With the coronavirus surging again, Los Angeles City Councilman Mark Ridley-Thomas plans to introduce a motion on Wednesday to develop a policy requiring all city employees to be fully vaccinated against COVID-19, and to report their vaccination status to the appropriate city department.
The move, if enacted by the council, would bring the city in line with other cities that have taken steps in the direction of a vaccine mandate, including Pasadena in the Los Angeles area.
San Francisco and New York City have announced similar plans — and Monday, California officials announced that all state employees and all workers at hospitals and health care facilities will be required to show proof of COVID-19 vaccination or be tested at least once a week.
“The City of Los Angeles must lead by example,” Ridley-Thomas said in a statement released late Monday night.
“During Wednesday’s council meeting, I plan to introduce a motion that would direct staff to develop a policy to require all city employees be fully vaccinated for the COVID-19 virus; and report their COVID-19 vaccination status to the appropriate City department.
“Plain and simple,” he added, “vaccinations are the only way out of this pandemic. They are the most effective way to prevent transmission and limit COVID-19 hospitalizations and deaths.
“If we want our economy to fully recover, if we want our children to be able to go to school without masks on, and if we want the most vulnerable members of our community to not end up in the hospital, we must all do our part and this motion is a step in the right direction.”
With the Delta variant of the coronavirus continuing to drive up infection rates and hospitalizations in Los Angeles County, Ridley-Thomas added, “I believe that now is the time to scale up our COVID-19 precautions.”
Monday, L.A. County reported four more deaths and 1,966 new COVID-19 infections, while hospitalizations increased to 825 — more than double the number from just two weeks ago.
“It’s time to get it done,” Ridley-Thomas said, regarding a vaccine mandate.
He is likely to receive support from fellow council members, several of whom have already publicly supported the city moving in vaccine-mandate direction.
“I support having all city workers vaccinated,” Council President Nury told the Los Angeles Times.
Councilman Kevin de León, meanwhile, told the Times, “There’s no question in my mind that the city of L.A. should model to the state and the nation that we will do everything within our power to keep our city workers and neighbors safe,” he said.

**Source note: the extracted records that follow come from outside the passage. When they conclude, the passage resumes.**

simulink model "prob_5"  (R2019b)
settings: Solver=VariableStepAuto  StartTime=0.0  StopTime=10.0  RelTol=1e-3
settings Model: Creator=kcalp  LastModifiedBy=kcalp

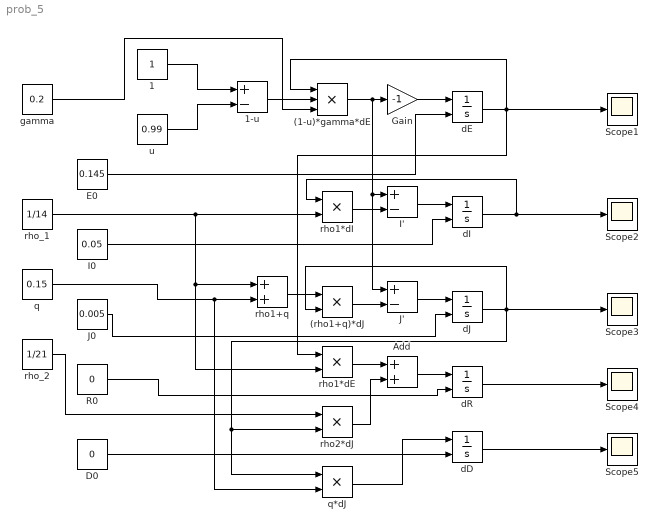
== system prob_5 ==
  (1-u)*gamma*dE : Product  Inputs=3
  "(rho1+q)*dJ " : Product
  "1 " : Constant
  "1-u " : Sum  Inputs=+-
  Add : Sum
  "D0 " : Constant  Value=0
  "E0 " : Constant  Value=0.145
  Gain : Gain  Gain=-1
  I' : Sum  Inputs=+-
  "I0 " : Constant  Value=0.05
  J' : Sum  Inputs=+-
  "J0 " : Constant  Value=0.005
  "R0 " : Constant  Value=0
  Scope{1..5} (5 alike) : Scope
  dD : Integrator  InitialConditionSource=external
  dE : Integrator  InitialConditionSource=external
  dI : Integrator  InitialConditionSource=external
  dJ : Integrator  InitialConditionSource=external
  dR : Integrator  InitialConditionSource=external
  "gamma " : Constant  Value=0.2
  q : Constant  Value=0.15
  q*dJ : Product
  rho1*dE : Product
  rho1*dI : Product
  "rho1+q " : Sum
  rho2*dJ : Product
  rho_1 : Constant  Value=1/14
  "rho_2 " : Constant  Value=1/21
  "u " : Constant  Value=0.99
  wires:
  dE/1 -> rho1*dE/1, Scope1/1, (1-u)*gamma*dE/1
  "E0 "/1 -> dE/2
  "gamma "/1 -> (1-u)*gamma*dE/3
  "1 "/1 -> "1-u "/1
  "u "/1 -> "1-u "/2
  (1-u)*gamma*dE/1 -> J'/1, I'/1, Gain/1
  Gain/1 -> dE/1
  "1-u "/1 -> (1-u)*gamma*dE/2
  rho1*dI/1 -> I'/2
  dI/1 -> Scope2/1, rho1*dI/1
  rho_1/1 -> rho1*dI/2, "rho1+q "/1, rho1*dE/2
  I'/1 -> dI/1
  "I0 "/1 -> dI/2
  q/1 -> q*dJ/2, "rho1+q "/2
  "rho1+q "/1 -> "(rho1+q)*dJ "/1
  dJ/1 -> "(rho1+q)*dJ "/2, rho2*dJ/2, q*dJ/1, Scope3/1
  "(rho1+q)*dJ "/1 -> J'/2
  J'/1 -> dJ/1
  "J0 "/1 -> dJ/2
  "rho_2 "/1 -> rho2*dJ/1
  rho2*dJ/1 -> Add/2
  rho1*dE/1 -> Add/1
  Add/1 -> dR/1
  "R0 "/1 -> dR/2
  dR/1 -> Scope4/1
  q*dJ/1 -> dD/1
  "D0 "/1 -> dD/2
  dD/1 -> Scope5/1

De León, however, said he had not yet worked out potential consequences if city employees fail to comply with any vaccine mandate.
Meanwhile, after an announcement by the state Monday, all state employees and all workers at hospitals and health care facilities across California will be required to show proof of COVID-19 vaccination — while those who are unable or refuse to do so will have to be tested at least once a week.
The vaccine-verification program for state employees is expected to begin as early as next week. The system for health-care workers will be implemented over the coming weeks, with compliance expected by Aug. 23. It will apply to all health-care settings across the state — public and private.
The policy falls short of a vaccine “mandate,” offering employees the option of undergoing regular COVID testing instead of providing proof of vaccination. Those workers will be required to undergo testing at least once a week, possibly even twice a week.